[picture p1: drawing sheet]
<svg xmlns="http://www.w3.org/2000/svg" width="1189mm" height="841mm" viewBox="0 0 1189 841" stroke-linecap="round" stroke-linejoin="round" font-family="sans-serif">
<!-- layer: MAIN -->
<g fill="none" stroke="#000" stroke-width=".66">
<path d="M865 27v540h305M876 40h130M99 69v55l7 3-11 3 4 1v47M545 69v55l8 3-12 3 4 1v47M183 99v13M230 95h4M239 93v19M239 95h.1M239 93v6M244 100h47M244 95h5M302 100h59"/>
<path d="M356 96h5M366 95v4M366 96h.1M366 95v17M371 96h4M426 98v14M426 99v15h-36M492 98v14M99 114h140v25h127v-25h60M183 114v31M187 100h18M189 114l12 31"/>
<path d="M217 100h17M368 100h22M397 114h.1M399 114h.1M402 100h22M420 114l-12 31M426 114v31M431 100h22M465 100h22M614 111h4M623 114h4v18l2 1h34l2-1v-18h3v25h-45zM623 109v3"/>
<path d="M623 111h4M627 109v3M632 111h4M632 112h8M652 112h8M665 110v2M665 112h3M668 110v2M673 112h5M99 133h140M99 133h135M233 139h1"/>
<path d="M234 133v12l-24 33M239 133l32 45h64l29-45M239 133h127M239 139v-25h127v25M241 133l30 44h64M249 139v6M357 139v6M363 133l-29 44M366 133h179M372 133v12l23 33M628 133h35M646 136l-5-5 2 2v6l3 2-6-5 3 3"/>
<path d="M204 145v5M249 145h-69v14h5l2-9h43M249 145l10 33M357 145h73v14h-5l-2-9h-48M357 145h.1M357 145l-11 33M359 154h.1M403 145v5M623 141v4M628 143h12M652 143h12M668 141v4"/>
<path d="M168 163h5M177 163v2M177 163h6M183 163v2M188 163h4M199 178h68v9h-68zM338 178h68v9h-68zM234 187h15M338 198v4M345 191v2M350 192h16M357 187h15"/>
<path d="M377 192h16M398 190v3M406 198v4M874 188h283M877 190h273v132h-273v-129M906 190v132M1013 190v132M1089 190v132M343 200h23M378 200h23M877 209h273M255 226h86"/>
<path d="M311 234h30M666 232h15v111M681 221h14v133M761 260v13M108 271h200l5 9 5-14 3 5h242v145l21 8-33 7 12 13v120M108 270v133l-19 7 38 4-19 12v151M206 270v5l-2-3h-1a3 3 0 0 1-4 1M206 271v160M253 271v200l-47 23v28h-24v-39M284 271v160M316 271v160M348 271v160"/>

= = = = =

__Your instructions__.
The answer consists of the whole listing, restated exactly.

__Response__.
[picture p1: drawing sheet]
<svg xmlns="http://www.w3.org/2000/svg" width="1189mm" height="841mm" viewBox="0 0 1189 841" stroke-linecap="round" stroke-linejoin="round" font-family="sans-serif">
<!-- layer: MAIN -->
<g fill="none" stroke="#000" stroke-width=".66">
<path d="M865 27v540h305M876 40h130M99 69v55l7 3-11 3 4 1v47M545 69v55l8 3-12 3 4 1v47M183 99v13M230 95h4M239 93v19M239 95h.1M239 93v6M244 100h47M244 95h5M302 100h59"/>
<path d="M356 96h5M366 95v4M366 96h.1M366 95v17M371 96h4M426 98v14M426 99v15h-36M492 98v14M99 114h140v25h127v-25h60M183 114v31M187 100h18M189 114l12 31"/>
<path d="M217 100h17M368 100h22M397 114h.1M399 114h.1M402 100h22M420 114l-12 31M426 114v31M431 100h22M465 100h22M614 111h4M623 114h4v18l2 1h34l2-1v-18h3v25h-45zM623 109v3"/>
<path d="M623 111h4M627 109v3M632 111h4M632 112h8M652 112h8M665 110v2M665 112h3M668 110v2M673 112h5M99 133h140M99 133h135M233 139h1"/>
<path d="M234 133v12l-24 33M239 133l32 45h64l29-45M239 133h127M239 139v-25h127v25M241 133l30 44h64M249 139v6M357 139v6M363 133l-29 44M366 133h179M372 133v12l23 33M628 133h35M646 136l-5-5 2 2v6l3 2-6-5 3 3"/>
<path d="M204 145v5M249 145h-69v14h5l2-9h43M249 145l10 33M357 145h73v14h-5l-2-9h-48M357 145h.1M357 145l-11 33M359 154h.1M403 145v5M623 141v4M628 143h12M652 143h12M668 141v4"/>
<path d="M168 163h5M177 163v2M177 163h6M183 163v2M188 163h4M199 178h68v9h-68zM338 178h68v9h-68zM234 187h15M338 198v4M345 191v2M350 192h16M357 187h15"/>
<path d="M377 192h16M398 190v3M406 198v4M874 188h283M877 190h273v132h-273v-129M906 190v132M1013 190v132M1089 190v132M343 200h23M378 200h23M877 209h273M255 226h86"/>
<path d="M311 234h30M666 232h15v111M681 221h14v133M761 260v13M108 271h200l5 9 5-14 3 5h242v145l21 8-33 7 12 13v120M108 270v133l-19 7 38 4-19 12v151M206 270v5l-2-3h-1a3 3 0 0 1-4 1M206 271v160M253 271v200l-47 23v28h-24v-39M284 271v160M316 271v160M348 271v160"/>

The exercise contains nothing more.